Thursday, August 13, 2009

Financial Markets Duel With Reality

We have a busy post this morning. First, from Zero Hedge. Note that the italicized part is from the COP report itself, and the non-italicized part is Tyler Durden's commentary:

August COP Oversight Report: $658 Billion In Total Level 3 Assets, Small Banks Need "To Raise Significantly More Capital"

Submitted by Tyler Durden on 08/11/2009 08:27 -0500

The Congressional Oversight Panel has released its August report which contains some much more dire language about the prospects of the U.S. banking system than did the joke that was the Stress Test, especially in the small/middle bank sector.

The Panel‘s analysis of troubled whole loans suggests they pose a threat to the financial health of smaller banks ($600 million to $100 billion group). Using the same assumptions, it looks as if banks in the $600 million to $100 billion group will need to raise significantly more capital, as the estimated losses will outstrip the projected revenue and reserves. Under the "starting point" scenario, this second group of banks will need to raise $12-14 billion in capital to offset their losses, while in the "starting point + 20% scenario", non-stress-tested banks are expected to have to raise $21 billion in capital to offset their losses. The capital shortfall for those relatively smaller banks is primarily due to the lack of reserves, which on average account for only 25 percent of the expected loan losses.

Another useful data point is the disclosure on the total Level 3 Asset Exposure at March 31, 2009. Compliments of the FASB, over $650 billion in "assets" are being marked-to-model, and most likely overestimate the true worth of these assets by about 50%. That's $300 billion in hot air on the banks' balance sheets.
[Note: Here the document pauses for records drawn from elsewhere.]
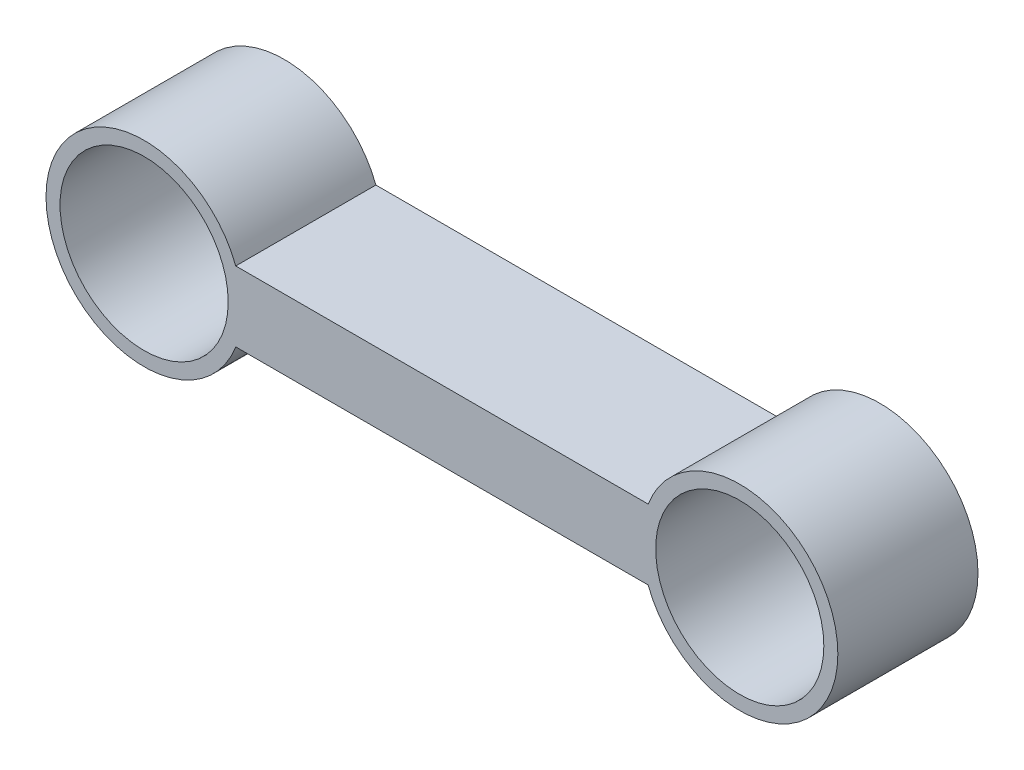
from build123d import *

# Parameters (mm, degrees)
SKETCH1_R           = 15.24
BOSS_EXTRUDE1_DEPTH = 25.4


with BuildPart() as part:
    # Sketch1 → Boss-Extrude1 (new body)
    with BuildSketch(Plane.XY):
        with BuildLine():
            ThreePointArc((16.607404975, 6.35), (-17.78, 0), (16.607404975, -6.35))
            Line((16.607404975, -6.35), (16.607404975, 6.35))
        make_face()
        Circle(SKETCH1_R, mode=Mode.SUBTRACT)
        with BuildLine():
            Line((16.607404975, -6.35), (91.342595025, -6.35))
            ThreePointArc((91.342595025, -6.35), (90.17, 0), (91.342595025, 6.35))
            Line((91.342595025, 6.35), (16.607404975, 6.35))
            ThreePointArc((16.607404975, 6.35), (17.484393905, 3.228679261), (17.78, 0))
            ThreePointArc((17.78, 0), (17.484393905, -3.228679261), (16.607404975, -6.35))
        make_face()
        with BuildLine():
            Line((16.607404975, 6.35), (16.607404975, -6.35))
            ThreePointArc((16.607404975, -6.35), (17.484393905, -3.228679261), (17.78, 0))
            ThreePointArc((17.78, 0), (17.484393905, 3.228679261), (16.607404975, 6.35))
        make_face()
        with BuildLine():
            Line((91.342595025, 6.35), (91.342595025, -6.35))
            ThreePointArc((91.342595025, -6.35), (111.178679261, -17.484393905), (125.73, 0))
            ThreePointArc((125.73, 0), (111.178679261, 17.484393905), (91.342595025, 6.35))
        make_face()
        with Locations((107.95, 0)):
            Circle(SKETCH1_R, mode=Mode.SUBTRACT)
        with BuildLine():
            ThreePointArc((91.342595025, 6.35), (90.17, 0), (91.342595025, -6.35))
            Line((91.342595025, -6.35), (91.342595025, 6.35))
        make_face()
    extrude(amount=BOSS_EXTRUDE1_DEPTH)


solid = part.part

DoctoRx here now. Moving along . . .

Jonathan Weil has an informative writeup on this topic, which includes complex financial institutions of any size, in Next Bubble to Burst Is Banks’ Big Loan Values. It begins with a "teaser":

It’s amazing what a little sunshine can accomplish.

Check out the footnotes to Regions Financial Corp.’s latest quarterly report, and you’ll see a remarkable disclosure. There, in an easy-to-read chart, the company divulged that the loans on its books as of June 30 were worth $22.8 billion less than what its balance sheet said. The Birmingham, Alabama-based bank’s shareholder equity, by comparison, was just $18.7 billion.

So, if it weren’t for the inflated loan values, Regions’ equity would be less than zero. Meanwhile, the government continues to classify Regions as “well capitalized.”

The report is concise and interesting.

Meanwhile, the discordance between facts "on the ground" as we are shown them and the abstractions of stock traders continues, as also reports Global Confidence Increases on Signs Recession Is Nearing End and Stock Bulls Increase as Survey Shows Most Optimism in Two Years. The latter has a quote that points out that the professionals are aware of the momentum nature of this rally:

“The more stocks go up, the more optimism there will be,” said Alberto Espelosin, who helps manage about $10 billion at Zaragoza, Spain-based Ibercaja Gestion and was among 1,375 participants in the survey.

He is likely referring to the public.

Finally, back to the real world, there is the world's largest retailer, Wal-Mart, which just reported a challenged quarter, with same-store sales declining year-on-year and coming in below the company's own predictions. Also from

Sales at U.S. stores open at least a year fell 1.2 percent after the retailer had forecast them to remain little changed or rise as much as 3 percent. The cost of sales declined 2.5 percent to $75.2 million.

As of now, the price inflation is in equities, not in the real world.